The first of the Sheep Milk is coming into the house, Carmel only had one lamb who is nicknamed Shady Lady and she is old enough to be put into a nice little lamb creep with water/hay/lamb crumbles for the night so I can milk her mom in the morning for fresh house milk.
Crème Caramel Recipe
Brown Sugar Topping
- 1/2 Cup of Sugar
- 2 Tbsp of Water
- 1/2 tsp of Fancy Molasses
Making a good Caramel Sugar is tricky. So tricky.. I am going to put a video in here to give a helping hand to seeing how its done.
Farmgal Tip: Add your 1/2 tsp of Fancy Molasses and even if you just slightly under boil it, you will still now have a nice golden hue to it.
Crème Custard Recipe
- 2 cups of whole sheep milk
- 2 tsp of Vanilla Extract
- 1/4th cup of sugar
- 3 eggs (lightly beaten)
Heat up your milk, sugar and Vanilla together till its steaming hot but not boiling.. very slowly, carefully using a whisk add the egg into the very warm milk.
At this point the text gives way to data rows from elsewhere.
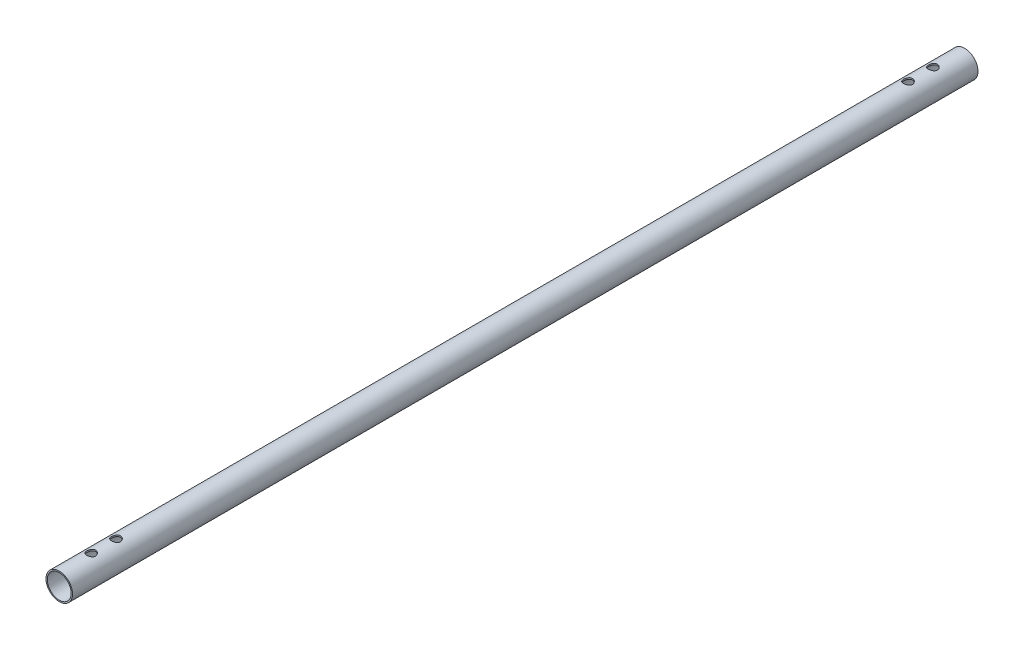
from build123d import *

# Parameters (mm, degrees)
SKETCH1_R               = 13.35
SKETCH1_R_2             = 11.7
BOSS_EXTRUDE1_DEPTH     = 910
SKETCH2_R               = 12
CUT_EXTRUDE1_DEPTH      = 77
CUT_EXTRUDE2_START      = -77
SKETCH3_R               = 12
CUT_EXTRUDE2_DEPTH      = 77
SKETCH4_R               = 4.5
CUT_EXTRUDE3_DEPTH      = 911.19582783
LPATTERN1_COUNT         = 2
LPATTERN1_PITCH         = 25
MIRROR1_COPY_1_SKETCH_R = 4.5
MIRROR1_COPY_1_DEPTH    = 911.19582783


with BuildPart() as part:
    # Sketch1 → Boss-Extrude1 (new body)
    with BuildSketch(Plane.XY):
        with Locations(Location((0, 0, 0), (0, 0, 180))):
            Circle(SKETCH1_R)
        with Locations(Location((0, 0, 0), (0, 0, 180))):
            Circle(SKETCH1_R_2, mode=Mode.SUBTRACT)
    extrude(amount=BOSS_EXTRUDE1_DEPTH)

    # Sketch2 → Cut-Extrude1 (cut)
    with BuildSketch(Plane.XY.offset(910)):
        Circle(SKETCH2_R)
    extrude(amount=-CUT_EXTRUDE1_DEPTH, mode=Mode.SUBTRACT)

    # Sketch3 → Cut-Extrude2 (cut)
    with BuildSketch(Plane(origin=(0, 0, 0), x_dir=(-1, 0, 0), z_dir=(0, 0, -1)).offset(CUT_EXTRUDE2_START)):
        with Locations(Location((0, 0, 0), (0, 0, 180))):
            Circle(SKETCH3_R)
    extrude(amount=CUT_EXTRUDE2_DEPTH, mode=Mode.SUBTRACT)

    # Sketch4 → Cut-Extrude3 (cut, symmetric)
    with BuildSketch(Plane(origin=(0, 0, 0), x_dir=(1, 0, 0), z_dir=(0, 1, 0))):
        with Locations(Location((0, -32, 0), (0, 0, 270))):
            Circle(SKETCH4_R)
    cut_extrude3 = extrude(amount=CUT_EXTRUDE3_DEPTH, both=True, mode=Mode.SUBTRACT)

    # LPattern1: Cut-Extrude3 ×2
    with Locations(*[(0, 0, i * LPATTERN1_PITCH) for i in range(1, LPATTERN1_COUNT)]):
        add(cut_extrude3, mode=Mode.SUBTRACT)

    # Mirror1: Cut-Extrude3 across plane
    add(cut_extrude3.mirror(Plane(origin=(0, 0, 455), x_dir=(1, 0, 0), z_dir=(0, 0, -1))), mode=Mode.SUBTRACT)

    # Mirror1 copy 1 sketch → Mirror1 copy 1 (cut, symmetric)
    with BuildSketch(Plane(origin=(0, 0, 885), x_dir=(1, 0, 0), z_dir=(0, 1, 0))):
        with Locations((0, 32)):
            Circle(MIRROR1_COPY_1_SKETCH_R)
    extrude(amount=MIRROR1_COPY_1_DEPTH, both=True, mode=Mode.SUBTRACT)


solid = part.part

If you do it slow and steady with lots of movement by the whisk, it will come out so smooth and silky when cooked.
In your baking pan, pour the sugar into the bottom and let it cool. Then start making your Custard and at the same time put your tea kettle on to start your boiling water and pre-heat your oven to 350.
When your crème custard is done, gently pour it the cooled brown sugar topping and place your pan or small custard cups into a larger cake pan which you will fill to the half way point with water.
Cook for 20 to 22 minutes, allow to sit to cool, then place in fridge and serve very chilled. Run your knife around the rim and then place your plate over the top and Flip it over and Serve as is or with a touch of whipped cream, if you like.